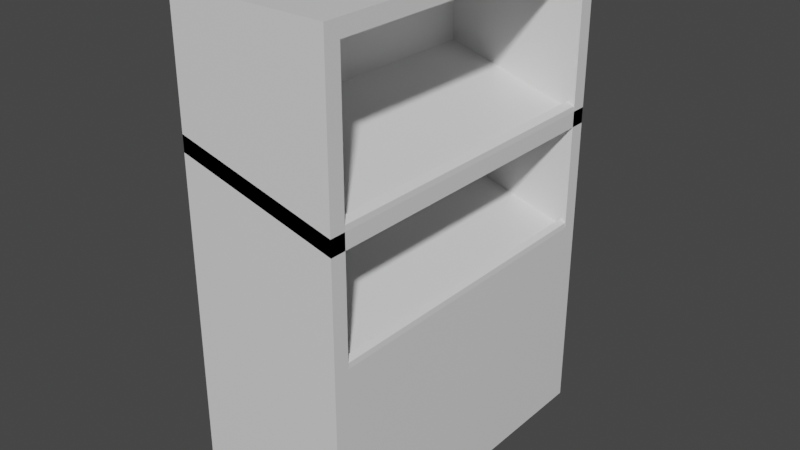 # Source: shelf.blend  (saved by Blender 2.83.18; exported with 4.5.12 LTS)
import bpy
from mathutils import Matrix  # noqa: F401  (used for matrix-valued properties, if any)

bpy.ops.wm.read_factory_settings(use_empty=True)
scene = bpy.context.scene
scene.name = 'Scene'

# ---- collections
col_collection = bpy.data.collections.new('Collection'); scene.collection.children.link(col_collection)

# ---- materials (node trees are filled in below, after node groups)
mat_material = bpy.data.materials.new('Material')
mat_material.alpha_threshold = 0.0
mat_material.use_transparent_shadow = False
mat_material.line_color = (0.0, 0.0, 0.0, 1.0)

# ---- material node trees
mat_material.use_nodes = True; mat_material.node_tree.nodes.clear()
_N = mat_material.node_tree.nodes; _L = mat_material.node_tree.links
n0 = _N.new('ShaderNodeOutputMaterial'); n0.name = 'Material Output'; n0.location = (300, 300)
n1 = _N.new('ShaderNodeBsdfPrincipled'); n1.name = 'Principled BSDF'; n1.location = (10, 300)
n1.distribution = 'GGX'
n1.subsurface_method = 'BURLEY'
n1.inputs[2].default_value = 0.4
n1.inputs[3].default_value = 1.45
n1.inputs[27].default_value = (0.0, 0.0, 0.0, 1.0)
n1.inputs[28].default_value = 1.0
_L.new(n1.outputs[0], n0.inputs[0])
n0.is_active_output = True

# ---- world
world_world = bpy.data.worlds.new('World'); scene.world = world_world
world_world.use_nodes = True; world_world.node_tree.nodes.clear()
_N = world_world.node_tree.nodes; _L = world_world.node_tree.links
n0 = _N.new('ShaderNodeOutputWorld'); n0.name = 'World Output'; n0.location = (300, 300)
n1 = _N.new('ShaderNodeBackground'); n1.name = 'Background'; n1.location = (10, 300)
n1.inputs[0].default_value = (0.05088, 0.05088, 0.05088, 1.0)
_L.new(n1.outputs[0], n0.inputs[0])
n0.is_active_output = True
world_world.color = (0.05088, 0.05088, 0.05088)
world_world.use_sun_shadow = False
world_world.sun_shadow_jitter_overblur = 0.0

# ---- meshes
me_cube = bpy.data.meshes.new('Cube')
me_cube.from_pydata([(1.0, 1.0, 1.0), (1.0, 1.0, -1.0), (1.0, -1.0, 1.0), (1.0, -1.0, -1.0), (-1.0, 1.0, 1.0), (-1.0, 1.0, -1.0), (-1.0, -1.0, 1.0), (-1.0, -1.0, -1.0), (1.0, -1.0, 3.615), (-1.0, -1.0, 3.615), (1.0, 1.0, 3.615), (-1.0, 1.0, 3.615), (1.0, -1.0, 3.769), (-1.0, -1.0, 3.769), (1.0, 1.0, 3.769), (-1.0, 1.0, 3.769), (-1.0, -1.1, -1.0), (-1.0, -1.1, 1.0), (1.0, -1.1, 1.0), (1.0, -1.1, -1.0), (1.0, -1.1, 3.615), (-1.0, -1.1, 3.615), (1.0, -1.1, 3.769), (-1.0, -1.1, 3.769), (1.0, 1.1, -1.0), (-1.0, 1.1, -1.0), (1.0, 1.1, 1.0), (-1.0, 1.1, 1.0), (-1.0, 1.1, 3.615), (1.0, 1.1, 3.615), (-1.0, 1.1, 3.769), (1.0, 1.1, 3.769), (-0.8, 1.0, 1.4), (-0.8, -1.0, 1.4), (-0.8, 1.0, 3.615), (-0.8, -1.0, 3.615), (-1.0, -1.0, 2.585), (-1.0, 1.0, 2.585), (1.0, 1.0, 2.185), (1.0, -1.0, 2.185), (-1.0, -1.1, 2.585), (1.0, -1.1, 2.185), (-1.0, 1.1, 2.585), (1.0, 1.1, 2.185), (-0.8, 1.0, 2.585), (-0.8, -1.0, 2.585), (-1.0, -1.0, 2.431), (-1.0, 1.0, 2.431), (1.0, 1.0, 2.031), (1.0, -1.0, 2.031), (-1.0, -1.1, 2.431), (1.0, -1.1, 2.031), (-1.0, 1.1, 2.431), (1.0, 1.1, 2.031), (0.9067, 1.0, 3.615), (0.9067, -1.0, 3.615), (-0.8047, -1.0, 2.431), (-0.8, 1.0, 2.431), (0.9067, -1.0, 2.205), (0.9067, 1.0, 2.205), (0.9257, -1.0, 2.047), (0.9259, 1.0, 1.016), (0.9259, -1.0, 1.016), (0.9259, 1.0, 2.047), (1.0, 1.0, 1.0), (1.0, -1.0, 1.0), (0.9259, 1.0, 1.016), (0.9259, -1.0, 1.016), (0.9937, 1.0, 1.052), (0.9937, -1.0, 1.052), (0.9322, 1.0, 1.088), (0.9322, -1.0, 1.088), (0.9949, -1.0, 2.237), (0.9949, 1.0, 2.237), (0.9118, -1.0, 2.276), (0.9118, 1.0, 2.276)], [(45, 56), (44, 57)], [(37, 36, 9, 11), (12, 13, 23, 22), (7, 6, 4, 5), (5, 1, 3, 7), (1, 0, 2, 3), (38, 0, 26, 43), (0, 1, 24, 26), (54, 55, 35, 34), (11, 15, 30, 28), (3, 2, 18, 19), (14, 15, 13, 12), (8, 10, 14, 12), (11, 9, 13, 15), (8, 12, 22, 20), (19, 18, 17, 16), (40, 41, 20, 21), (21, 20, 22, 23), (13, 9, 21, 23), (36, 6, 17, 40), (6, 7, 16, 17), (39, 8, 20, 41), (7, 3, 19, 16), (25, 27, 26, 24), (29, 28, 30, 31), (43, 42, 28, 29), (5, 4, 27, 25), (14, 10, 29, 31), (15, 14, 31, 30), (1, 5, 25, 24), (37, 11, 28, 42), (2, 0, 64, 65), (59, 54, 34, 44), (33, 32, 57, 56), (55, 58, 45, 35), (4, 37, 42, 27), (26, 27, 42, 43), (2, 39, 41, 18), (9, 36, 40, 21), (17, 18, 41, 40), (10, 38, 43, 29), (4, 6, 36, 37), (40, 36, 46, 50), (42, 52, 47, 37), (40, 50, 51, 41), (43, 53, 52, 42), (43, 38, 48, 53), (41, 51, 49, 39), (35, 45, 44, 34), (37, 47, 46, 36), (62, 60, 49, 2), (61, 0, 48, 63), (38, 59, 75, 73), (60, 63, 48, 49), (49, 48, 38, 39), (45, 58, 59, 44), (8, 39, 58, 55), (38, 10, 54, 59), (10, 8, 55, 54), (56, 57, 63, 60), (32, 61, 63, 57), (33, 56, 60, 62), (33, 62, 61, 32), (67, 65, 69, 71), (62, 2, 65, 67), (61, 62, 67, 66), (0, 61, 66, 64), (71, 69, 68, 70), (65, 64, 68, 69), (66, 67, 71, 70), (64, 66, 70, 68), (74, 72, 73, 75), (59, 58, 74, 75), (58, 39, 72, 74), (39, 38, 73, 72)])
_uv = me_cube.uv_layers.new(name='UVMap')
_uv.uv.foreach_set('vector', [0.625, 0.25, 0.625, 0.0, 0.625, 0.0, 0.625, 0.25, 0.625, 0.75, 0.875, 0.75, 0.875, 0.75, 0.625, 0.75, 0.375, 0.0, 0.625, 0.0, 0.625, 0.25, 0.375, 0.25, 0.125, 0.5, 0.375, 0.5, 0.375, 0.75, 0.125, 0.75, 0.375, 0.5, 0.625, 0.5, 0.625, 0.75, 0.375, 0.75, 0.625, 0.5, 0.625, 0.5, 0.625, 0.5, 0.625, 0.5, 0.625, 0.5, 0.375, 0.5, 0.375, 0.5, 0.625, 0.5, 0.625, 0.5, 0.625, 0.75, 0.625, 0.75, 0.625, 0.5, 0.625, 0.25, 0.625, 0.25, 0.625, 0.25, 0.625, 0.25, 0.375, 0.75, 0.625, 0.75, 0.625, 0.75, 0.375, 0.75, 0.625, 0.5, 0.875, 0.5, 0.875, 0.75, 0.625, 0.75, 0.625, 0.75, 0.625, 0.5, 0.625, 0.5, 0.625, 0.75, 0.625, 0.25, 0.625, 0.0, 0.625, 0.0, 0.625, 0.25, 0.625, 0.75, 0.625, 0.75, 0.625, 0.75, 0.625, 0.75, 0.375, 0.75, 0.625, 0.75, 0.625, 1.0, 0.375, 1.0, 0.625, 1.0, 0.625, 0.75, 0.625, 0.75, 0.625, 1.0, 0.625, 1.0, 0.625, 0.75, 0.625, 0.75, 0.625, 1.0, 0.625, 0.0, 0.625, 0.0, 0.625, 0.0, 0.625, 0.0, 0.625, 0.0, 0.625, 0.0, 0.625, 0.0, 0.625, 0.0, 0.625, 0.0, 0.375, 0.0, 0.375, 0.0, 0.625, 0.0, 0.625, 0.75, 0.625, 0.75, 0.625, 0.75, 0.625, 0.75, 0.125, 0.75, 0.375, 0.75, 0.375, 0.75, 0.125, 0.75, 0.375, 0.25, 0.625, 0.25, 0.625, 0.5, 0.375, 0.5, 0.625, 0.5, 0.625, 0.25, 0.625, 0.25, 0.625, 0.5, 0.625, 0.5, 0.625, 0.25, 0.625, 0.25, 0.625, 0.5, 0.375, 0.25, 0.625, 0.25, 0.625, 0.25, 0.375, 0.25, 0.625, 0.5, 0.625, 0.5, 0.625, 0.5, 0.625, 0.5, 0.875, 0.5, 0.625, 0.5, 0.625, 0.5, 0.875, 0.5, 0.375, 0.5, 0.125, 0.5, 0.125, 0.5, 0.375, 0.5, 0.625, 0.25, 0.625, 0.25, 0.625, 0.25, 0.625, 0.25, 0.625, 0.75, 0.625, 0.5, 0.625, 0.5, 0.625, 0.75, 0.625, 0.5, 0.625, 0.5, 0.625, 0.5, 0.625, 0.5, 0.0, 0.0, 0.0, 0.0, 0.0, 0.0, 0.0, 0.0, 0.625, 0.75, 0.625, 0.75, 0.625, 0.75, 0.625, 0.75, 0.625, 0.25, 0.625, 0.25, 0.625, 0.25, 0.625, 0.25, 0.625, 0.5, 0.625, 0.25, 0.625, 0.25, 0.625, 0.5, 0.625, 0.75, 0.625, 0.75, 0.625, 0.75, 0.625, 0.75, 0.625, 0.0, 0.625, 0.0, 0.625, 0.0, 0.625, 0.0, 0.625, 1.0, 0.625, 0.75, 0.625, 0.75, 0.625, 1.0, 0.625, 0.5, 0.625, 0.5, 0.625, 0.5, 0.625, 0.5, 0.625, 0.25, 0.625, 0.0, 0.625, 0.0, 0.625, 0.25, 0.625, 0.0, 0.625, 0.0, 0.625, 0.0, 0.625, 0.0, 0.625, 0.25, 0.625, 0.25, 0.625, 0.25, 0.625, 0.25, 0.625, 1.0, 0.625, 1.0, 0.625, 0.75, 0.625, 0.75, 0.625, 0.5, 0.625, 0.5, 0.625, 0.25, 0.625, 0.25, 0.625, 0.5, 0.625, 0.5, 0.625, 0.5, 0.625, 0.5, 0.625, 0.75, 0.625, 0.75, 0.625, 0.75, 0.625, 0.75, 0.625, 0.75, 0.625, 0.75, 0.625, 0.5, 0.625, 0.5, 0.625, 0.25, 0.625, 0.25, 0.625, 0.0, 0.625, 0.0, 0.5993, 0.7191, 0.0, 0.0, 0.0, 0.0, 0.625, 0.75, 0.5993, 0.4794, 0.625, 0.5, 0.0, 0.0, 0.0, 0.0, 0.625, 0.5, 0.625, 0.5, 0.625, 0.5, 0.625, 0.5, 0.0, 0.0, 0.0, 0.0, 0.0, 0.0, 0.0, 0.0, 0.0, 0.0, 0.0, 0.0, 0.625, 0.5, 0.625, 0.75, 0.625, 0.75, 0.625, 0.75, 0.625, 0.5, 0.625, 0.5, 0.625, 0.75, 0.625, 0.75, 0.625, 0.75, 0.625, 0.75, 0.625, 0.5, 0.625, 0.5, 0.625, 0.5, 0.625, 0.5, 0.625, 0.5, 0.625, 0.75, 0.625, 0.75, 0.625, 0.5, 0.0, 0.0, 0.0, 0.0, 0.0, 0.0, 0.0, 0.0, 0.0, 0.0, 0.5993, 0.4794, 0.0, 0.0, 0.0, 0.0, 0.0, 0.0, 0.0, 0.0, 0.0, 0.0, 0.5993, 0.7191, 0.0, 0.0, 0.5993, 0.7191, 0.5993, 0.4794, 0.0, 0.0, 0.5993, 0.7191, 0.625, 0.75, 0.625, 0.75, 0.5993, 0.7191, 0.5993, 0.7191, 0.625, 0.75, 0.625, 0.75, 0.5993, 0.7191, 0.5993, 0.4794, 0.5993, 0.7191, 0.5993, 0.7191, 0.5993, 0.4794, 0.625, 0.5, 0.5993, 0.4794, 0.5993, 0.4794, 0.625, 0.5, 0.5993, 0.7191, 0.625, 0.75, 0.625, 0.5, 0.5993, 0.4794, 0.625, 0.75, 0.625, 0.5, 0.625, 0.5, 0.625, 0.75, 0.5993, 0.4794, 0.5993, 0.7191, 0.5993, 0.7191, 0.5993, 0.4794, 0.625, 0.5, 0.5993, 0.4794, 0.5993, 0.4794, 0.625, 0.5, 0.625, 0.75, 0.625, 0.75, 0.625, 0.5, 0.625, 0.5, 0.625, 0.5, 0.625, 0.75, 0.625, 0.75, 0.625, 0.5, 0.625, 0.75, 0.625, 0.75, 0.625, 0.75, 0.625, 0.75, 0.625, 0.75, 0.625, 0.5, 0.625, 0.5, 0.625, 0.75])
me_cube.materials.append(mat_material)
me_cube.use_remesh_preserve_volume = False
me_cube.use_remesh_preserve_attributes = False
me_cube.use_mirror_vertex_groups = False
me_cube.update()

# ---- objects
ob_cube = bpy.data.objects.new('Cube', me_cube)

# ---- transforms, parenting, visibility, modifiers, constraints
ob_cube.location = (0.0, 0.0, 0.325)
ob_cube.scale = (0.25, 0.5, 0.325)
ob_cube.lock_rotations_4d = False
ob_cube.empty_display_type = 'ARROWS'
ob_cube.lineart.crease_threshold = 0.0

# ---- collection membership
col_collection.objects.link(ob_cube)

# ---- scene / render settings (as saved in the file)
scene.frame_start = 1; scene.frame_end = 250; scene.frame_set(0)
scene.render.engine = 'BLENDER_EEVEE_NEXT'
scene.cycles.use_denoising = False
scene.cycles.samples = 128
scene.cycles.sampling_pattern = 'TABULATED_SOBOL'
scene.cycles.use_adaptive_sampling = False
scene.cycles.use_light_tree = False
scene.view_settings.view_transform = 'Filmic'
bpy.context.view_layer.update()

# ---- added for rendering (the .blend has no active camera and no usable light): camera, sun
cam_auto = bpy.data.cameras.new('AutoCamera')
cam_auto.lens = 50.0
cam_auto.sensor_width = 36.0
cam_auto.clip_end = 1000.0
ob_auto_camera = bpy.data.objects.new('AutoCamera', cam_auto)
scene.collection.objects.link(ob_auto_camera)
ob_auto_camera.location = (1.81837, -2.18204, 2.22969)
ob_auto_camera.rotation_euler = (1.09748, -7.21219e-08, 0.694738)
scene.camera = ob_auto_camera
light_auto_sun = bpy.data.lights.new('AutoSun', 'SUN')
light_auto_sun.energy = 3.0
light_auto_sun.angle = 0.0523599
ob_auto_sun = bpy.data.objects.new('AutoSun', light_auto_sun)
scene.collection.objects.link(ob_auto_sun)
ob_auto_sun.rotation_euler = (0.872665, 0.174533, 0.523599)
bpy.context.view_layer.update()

▶ _About this task_: Identify each line in the entries with the word "AutoSun" and copy it.

▶ _Answer box_:
light_auto_sun = bpy.data.lights.new('AutoSun', 'SUN')
ob_auto_sun = bpy.data.objects.new('AutoSun', light_auto_sun)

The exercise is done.